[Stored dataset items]
⁂
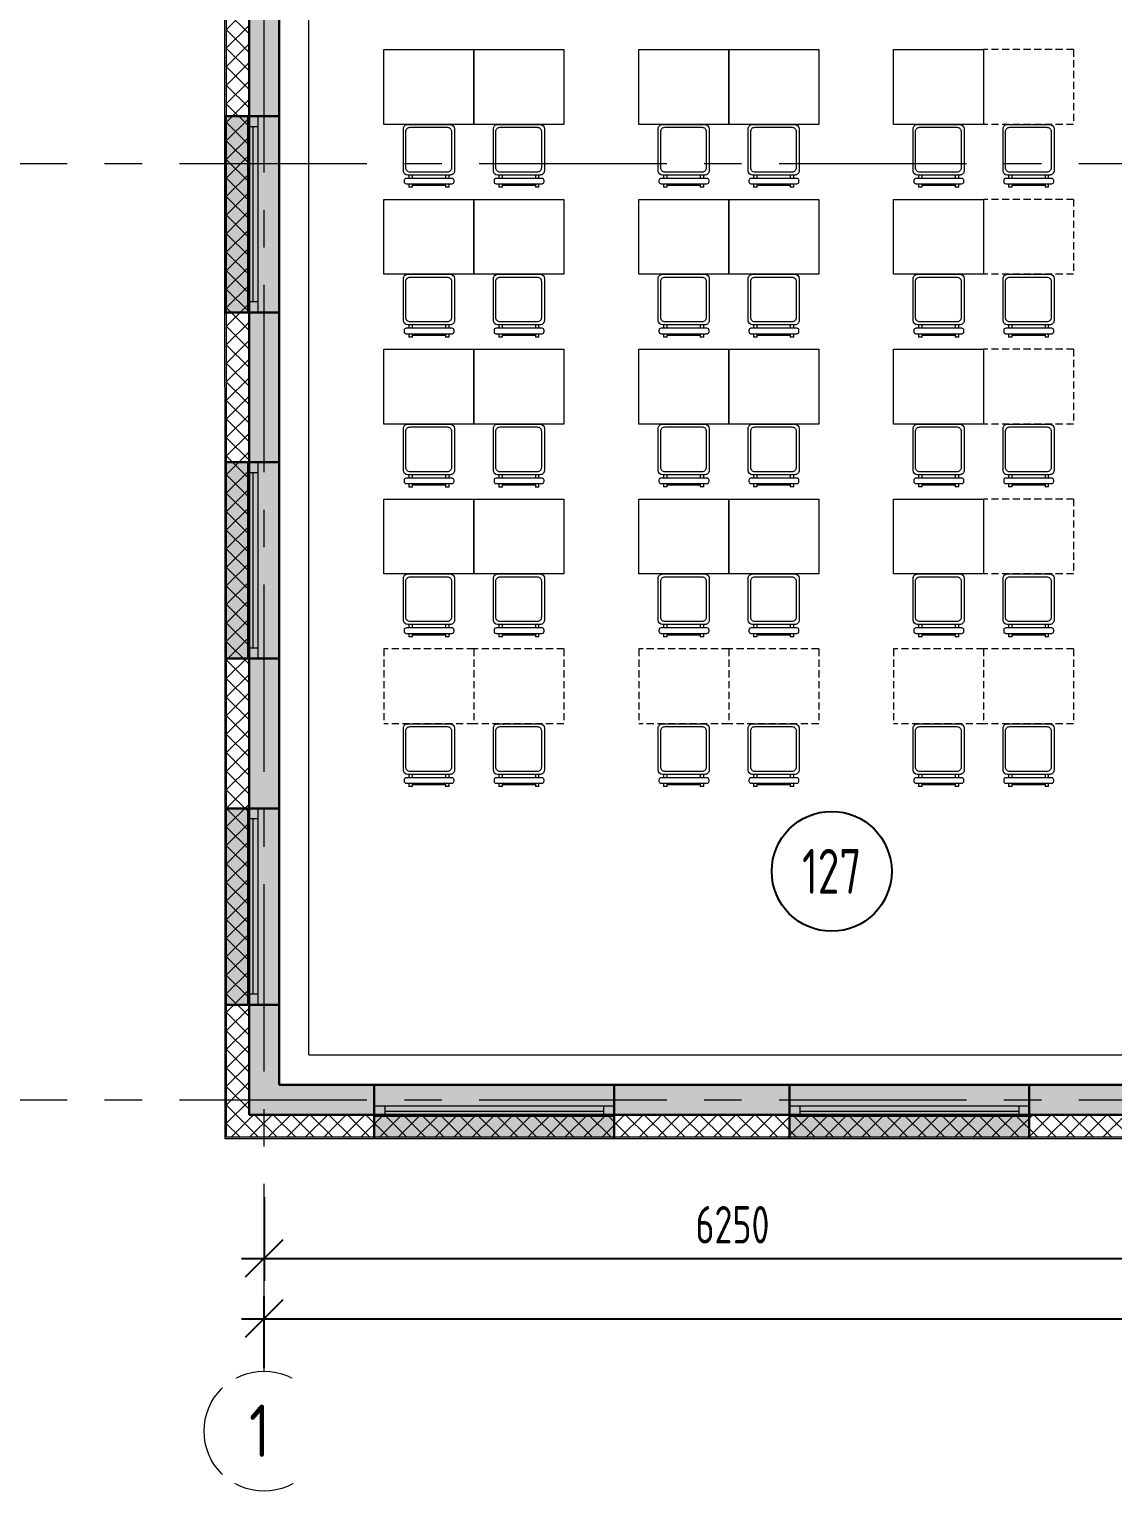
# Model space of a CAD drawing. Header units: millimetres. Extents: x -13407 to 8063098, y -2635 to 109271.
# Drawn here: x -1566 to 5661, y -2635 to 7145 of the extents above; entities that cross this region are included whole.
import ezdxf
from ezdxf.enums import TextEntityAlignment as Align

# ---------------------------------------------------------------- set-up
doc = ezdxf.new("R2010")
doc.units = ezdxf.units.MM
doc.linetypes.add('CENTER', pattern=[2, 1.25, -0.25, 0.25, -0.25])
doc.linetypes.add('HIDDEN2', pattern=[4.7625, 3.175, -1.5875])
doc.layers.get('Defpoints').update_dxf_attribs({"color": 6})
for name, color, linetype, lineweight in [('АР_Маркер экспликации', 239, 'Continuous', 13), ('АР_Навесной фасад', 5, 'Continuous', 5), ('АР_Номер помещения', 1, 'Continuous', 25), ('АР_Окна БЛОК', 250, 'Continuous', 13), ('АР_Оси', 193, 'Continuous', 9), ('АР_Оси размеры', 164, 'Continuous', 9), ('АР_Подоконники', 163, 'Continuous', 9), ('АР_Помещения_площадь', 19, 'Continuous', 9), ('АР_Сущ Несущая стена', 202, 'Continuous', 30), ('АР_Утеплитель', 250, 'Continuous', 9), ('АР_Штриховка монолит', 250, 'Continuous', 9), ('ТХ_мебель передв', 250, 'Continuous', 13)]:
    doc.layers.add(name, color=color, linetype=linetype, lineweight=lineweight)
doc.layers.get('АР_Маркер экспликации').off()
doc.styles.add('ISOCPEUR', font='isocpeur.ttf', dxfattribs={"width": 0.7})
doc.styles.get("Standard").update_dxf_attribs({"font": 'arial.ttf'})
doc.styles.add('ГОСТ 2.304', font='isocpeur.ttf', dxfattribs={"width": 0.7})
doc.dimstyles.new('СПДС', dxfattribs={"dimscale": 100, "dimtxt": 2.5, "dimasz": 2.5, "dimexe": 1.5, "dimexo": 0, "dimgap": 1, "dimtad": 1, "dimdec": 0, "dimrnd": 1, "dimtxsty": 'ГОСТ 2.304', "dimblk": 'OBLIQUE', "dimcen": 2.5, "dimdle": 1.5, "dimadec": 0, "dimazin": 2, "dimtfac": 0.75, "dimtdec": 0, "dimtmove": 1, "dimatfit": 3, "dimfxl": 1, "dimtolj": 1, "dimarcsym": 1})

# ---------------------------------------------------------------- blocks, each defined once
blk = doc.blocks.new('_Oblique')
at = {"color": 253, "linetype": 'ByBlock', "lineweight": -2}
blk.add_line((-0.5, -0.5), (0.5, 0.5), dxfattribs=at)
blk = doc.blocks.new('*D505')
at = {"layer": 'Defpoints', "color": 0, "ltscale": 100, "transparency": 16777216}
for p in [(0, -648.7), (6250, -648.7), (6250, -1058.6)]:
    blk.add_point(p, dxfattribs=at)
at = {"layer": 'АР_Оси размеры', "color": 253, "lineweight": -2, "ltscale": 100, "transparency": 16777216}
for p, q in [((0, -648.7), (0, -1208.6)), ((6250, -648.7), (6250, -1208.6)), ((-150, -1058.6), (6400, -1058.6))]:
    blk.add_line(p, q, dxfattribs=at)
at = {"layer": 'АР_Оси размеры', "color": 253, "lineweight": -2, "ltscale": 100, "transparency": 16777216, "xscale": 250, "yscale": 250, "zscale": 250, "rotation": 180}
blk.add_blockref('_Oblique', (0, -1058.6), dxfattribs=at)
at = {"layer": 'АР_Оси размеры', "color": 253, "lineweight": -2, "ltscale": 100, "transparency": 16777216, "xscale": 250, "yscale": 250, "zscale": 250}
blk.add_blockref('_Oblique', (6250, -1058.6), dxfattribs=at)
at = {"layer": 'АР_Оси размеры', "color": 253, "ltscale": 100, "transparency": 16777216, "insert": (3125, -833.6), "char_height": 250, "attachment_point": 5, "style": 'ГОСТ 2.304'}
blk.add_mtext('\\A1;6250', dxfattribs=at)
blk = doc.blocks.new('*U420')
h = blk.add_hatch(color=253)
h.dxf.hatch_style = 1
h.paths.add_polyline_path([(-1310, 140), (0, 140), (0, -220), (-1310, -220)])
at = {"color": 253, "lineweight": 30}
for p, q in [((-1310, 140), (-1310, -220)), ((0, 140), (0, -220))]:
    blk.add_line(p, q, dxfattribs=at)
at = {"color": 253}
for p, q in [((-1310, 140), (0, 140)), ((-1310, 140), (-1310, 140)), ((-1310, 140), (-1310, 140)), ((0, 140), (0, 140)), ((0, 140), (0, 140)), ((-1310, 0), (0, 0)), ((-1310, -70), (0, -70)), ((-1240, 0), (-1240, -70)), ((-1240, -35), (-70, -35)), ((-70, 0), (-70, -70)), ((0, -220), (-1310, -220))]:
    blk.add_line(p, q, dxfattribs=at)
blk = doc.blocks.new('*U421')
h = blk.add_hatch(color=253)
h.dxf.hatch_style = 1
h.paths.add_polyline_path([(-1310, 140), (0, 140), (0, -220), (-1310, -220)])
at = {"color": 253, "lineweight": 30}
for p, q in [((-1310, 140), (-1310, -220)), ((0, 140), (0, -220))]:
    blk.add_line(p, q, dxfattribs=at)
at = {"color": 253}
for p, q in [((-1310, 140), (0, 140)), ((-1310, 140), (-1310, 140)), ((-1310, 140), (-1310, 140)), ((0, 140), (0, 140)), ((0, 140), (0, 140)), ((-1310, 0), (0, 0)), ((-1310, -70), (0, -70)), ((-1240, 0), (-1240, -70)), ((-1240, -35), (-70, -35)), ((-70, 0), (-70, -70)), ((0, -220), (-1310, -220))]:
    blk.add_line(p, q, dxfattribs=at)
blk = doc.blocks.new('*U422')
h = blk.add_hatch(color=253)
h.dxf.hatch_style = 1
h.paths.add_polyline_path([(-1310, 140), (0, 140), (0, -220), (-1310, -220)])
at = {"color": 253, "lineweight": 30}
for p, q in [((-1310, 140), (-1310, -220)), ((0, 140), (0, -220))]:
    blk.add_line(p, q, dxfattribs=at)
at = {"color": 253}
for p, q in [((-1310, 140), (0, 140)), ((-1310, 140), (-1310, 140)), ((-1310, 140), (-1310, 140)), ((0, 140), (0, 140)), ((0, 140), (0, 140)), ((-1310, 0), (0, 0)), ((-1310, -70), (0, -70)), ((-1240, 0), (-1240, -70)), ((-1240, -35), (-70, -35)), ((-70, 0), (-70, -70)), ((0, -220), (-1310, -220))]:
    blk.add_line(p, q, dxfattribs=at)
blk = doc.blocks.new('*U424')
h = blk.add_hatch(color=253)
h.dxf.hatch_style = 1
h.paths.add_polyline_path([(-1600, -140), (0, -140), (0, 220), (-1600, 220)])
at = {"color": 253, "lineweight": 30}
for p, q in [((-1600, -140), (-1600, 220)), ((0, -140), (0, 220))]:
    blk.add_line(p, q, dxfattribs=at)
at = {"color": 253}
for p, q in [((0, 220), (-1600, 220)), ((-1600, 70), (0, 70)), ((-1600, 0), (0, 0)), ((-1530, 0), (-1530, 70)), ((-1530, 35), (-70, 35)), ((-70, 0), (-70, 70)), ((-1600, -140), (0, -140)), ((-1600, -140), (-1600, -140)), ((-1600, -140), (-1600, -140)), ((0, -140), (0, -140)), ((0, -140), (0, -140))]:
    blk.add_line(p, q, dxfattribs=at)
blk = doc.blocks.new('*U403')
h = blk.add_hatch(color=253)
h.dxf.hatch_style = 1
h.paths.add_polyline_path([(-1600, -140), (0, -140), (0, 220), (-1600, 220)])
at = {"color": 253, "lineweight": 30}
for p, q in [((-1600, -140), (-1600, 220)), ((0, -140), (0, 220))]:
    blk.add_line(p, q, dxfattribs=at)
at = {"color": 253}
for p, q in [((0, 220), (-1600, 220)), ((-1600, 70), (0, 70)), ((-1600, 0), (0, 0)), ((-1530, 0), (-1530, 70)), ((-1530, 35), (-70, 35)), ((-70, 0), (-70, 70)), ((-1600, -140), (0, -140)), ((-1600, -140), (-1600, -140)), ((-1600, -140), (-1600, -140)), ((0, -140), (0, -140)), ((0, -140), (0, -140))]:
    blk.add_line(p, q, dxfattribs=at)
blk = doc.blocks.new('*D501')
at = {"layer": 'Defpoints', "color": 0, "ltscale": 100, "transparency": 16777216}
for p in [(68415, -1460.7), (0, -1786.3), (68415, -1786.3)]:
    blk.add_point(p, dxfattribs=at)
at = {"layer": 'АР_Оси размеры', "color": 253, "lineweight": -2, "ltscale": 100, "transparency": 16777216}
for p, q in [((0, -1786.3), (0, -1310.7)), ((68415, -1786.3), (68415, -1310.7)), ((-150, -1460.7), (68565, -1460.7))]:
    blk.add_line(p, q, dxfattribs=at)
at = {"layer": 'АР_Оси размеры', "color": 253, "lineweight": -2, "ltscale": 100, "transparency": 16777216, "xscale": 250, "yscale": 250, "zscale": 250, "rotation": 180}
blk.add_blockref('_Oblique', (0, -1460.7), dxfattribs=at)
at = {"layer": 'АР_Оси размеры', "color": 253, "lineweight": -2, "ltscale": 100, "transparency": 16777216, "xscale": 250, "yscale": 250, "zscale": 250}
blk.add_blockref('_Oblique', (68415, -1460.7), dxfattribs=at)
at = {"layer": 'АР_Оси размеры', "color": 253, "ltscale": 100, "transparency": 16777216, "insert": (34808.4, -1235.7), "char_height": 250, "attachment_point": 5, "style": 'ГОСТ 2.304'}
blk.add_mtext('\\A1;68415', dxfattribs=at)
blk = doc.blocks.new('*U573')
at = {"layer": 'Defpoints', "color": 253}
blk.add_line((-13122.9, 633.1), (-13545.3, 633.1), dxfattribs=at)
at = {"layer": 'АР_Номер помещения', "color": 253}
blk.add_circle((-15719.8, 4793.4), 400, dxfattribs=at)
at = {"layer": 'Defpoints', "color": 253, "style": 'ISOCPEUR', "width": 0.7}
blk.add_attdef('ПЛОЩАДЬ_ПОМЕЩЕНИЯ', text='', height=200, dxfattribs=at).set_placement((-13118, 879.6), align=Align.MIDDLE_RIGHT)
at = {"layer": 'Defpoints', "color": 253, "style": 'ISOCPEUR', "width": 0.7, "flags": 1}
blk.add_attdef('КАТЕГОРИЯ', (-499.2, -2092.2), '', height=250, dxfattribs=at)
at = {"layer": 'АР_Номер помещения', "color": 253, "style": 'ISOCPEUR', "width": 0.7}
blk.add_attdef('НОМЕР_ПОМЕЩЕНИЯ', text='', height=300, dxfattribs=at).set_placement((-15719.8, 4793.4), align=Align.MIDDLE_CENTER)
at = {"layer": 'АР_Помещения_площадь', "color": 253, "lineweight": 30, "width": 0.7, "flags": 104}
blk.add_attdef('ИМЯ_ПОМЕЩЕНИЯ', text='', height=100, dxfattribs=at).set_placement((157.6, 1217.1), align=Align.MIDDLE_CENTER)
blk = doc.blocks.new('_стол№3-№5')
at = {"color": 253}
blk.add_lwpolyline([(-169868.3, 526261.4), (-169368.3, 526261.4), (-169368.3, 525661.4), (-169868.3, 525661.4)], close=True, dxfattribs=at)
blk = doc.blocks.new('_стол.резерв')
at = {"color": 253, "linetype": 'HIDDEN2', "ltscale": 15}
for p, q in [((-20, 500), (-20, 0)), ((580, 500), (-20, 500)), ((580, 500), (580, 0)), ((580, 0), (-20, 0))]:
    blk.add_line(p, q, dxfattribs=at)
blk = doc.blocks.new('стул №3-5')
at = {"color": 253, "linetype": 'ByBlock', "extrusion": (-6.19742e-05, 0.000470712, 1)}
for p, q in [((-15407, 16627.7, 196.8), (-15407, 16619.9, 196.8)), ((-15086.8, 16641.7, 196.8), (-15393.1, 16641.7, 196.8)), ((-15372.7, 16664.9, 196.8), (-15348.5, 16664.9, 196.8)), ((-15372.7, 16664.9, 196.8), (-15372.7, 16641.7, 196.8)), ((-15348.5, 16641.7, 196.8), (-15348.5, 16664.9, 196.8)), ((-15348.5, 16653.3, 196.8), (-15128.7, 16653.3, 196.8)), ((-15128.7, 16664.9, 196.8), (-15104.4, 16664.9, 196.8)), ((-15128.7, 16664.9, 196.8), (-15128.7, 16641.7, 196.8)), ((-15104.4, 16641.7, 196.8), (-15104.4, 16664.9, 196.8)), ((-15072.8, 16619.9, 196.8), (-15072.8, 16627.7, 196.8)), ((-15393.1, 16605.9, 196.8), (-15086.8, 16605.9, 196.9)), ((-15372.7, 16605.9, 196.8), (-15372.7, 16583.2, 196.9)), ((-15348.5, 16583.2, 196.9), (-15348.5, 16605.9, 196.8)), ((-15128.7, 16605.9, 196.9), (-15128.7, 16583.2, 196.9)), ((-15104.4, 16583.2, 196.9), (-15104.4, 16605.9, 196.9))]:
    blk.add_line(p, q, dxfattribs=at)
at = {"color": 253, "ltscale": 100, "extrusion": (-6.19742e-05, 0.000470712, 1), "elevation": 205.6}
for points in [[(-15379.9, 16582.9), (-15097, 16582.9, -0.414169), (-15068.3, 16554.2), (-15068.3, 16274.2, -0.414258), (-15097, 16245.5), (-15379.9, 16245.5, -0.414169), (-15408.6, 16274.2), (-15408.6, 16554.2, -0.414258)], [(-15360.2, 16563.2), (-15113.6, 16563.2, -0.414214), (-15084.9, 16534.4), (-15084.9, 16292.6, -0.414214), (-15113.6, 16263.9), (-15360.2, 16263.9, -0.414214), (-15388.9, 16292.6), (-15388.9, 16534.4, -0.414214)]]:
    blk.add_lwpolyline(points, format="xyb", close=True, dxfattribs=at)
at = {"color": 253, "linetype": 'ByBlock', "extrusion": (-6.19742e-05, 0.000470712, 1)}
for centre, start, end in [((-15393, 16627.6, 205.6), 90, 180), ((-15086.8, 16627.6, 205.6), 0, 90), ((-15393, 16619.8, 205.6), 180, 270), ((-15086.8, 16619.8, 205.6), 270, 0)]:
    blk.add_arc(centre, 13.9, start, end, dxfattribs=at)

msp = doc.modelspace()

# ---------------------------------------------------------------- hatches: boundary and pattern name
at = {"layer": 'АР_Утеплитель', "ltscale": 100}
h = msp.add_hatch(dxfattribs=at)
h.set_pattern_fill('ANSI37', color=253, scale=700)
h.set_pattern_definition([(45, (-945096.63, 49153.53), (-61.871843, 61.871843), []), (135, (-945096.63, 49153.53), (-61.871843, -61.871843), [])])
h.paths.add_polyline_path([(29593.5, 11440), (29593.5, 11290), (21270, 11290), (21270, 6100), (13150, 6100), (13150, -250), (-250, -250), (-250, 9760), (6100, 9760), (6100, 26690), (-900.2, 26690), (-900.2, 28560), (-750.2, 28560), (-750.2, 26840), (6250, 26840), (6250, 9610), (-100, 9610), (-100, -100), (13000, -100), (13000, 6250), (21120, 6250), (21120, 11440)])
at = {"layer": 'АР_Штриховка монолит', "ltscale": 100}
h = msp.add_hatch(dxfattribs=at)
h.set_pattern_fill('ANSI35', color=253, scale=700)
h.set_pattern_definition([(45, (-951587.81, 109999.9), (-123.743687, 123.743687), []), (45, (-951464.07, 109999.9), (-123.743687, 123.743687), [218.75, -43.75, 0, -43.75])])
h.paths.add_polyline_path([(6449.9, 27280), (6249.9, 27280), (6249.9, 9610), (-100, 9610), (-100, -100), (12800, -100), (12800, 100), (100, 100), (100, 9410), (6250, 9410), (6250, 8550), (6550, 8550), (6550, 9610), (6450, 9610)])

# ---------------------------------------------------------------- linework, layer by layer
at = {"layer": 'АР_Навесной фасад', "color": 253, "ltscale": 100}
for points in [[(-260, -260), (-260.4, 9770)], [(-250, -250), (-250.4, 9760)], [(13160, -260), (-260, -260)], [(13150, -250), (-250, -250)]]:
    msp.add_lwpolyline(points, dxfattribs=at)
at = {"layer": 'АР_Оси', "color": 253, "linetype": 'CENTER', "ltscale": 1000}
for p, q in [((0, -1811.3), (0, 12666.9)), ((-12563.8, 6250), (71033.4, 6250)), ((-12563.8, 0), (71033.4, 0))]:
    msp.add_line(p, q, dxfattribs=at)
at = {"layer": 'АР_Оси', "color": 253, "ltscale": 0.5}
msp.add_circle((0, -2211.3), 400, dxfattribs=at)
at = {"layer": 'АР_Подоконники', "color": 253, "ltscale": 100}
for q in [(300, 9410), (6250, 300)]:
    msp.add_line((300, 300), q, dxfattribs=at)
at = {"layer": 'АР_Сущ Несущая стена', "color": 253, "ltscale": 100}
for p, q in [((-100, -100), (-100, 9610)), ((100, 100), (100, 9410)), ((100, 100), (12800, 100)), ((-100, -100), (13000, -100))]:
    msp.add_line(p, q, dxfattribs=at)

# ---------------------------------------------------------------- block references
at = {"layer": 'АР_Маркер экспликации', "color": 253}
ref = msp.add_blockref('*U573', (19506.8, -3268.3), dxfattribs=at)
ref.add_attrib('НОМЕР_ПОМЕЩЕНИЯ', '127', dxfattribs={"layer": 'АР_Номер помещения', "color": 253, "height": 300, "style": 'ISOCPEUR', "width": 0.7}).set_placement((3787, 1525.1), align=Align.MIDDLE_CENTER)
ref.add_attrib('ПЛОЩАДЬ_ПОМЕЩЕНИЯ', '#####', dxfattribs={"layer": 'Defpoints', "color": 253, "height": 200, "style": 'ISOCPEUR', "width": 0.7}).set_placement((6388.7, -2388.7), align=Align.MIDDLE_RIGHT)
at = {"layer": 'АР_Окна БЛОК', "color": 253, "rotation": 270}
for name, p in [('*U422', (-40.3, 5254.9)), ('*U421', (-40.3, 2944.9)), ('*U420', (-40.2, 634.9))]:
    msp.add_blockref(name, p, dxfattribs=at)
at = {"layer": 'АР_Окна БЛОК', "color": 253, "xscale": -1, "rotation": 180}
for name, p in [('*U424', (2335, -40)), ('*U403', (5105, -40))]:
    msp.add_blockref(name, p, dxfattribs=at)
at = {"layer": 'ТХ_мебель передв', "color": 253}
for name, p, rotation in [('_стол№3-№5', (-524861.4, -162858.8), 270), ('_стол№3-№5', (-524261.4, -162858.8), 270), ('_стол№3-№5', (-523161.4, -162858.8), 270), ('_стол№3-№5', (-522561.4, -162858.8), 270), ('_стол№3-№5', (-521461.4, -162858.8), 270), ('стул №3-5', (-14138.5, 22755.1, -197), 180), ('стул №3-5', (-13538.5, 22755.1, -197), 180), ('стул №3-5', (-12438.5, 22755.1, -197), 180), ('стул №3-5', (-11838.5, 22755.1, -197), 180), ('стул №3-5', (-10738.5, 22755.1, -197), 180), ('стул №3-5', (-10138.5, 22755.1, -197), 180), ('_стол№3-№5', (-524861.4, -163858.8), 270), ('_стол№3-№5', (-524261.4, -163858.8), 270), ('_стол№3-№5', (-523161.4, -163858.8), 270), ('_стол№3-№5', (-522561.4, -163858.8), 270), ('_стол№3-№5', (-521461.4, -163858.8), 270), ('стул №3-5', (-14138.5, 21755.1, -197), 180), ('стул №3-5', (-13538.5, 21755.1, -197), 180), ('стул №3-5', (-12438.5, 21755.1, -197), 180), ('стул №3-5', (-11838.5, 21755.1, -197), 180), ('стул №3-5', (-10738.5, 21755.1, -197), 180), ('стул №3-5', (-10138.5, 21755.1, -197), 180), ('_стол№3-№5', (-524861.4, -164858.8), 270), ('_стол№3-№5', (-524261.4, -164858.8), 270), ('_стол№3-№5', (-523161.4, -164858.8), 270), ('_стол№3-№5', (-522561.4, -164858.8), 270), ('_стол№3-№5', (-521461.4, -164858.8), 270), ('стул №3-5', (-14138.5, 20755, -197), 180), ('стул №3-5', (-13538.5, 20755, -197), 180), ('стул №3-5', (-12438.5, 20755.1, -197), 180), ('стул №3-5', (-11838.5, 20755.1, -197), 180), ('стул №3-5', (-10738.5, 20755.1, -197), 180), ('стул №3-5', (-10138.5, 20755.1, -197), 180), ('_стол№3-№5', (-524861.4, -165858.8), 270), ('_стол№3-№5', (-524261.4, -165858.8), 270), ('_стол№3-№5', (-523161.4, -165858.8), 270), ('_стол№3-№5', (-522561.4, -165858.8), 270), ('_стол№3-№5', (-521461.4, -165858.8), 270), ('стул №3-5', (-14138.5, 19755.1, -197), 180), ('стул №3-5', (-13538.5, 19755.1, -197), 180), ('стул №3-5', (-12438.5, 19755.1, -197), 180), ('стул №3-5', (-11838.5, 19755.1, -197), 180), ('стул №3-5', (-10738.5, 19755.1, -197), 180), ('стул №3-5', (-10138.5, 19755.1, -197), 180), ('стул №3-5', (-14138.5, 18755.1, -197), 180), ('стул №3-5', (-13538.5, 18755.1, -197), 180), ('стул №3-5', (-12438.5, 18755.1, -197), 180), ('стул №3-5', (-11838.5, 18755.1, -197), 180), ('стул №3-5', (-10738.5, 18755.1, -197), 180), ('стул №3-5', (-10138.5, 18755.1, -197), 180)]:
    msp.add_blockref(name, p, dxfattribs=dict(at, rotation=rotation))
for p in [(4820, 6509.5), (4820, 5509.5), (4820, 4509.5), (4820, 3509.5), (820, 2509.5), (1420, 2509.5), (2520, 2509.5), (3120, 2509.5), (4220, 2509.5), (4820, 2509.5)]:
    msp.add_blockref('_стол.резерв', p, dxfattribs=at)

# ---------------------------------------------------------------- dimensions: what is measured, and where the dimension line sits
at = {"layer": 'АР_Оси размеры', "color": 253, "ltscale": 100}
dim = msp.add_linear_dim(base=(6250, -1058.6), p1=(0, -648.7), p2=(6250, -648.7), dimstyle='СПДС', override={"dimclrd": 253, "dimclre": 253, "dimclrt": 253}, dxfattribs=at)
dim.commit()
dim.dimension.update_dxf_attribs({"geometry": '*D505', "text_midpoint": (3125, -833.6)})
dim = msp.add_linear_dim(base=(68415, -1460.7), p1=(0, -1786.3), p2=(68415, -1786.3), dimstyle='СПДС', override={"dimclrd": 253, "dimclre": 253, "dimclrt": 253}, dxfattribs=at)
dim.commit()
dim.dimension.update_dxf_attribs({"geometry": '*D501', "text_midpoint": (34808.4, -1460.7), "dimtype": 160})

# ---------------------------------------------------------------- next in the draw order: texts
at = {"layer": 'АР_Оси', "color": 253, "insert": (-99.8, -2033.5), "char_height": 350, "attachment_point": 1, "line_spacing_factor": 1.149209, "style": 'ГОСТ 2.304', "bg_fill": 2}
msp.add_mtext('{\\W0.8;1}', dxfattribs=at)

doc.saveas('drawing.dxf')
⁂
**BRIEF**
Only a number is expected here: the count of lines in the records above that include the word "резерв".

**SOLUTION FOR THIS TASK**
2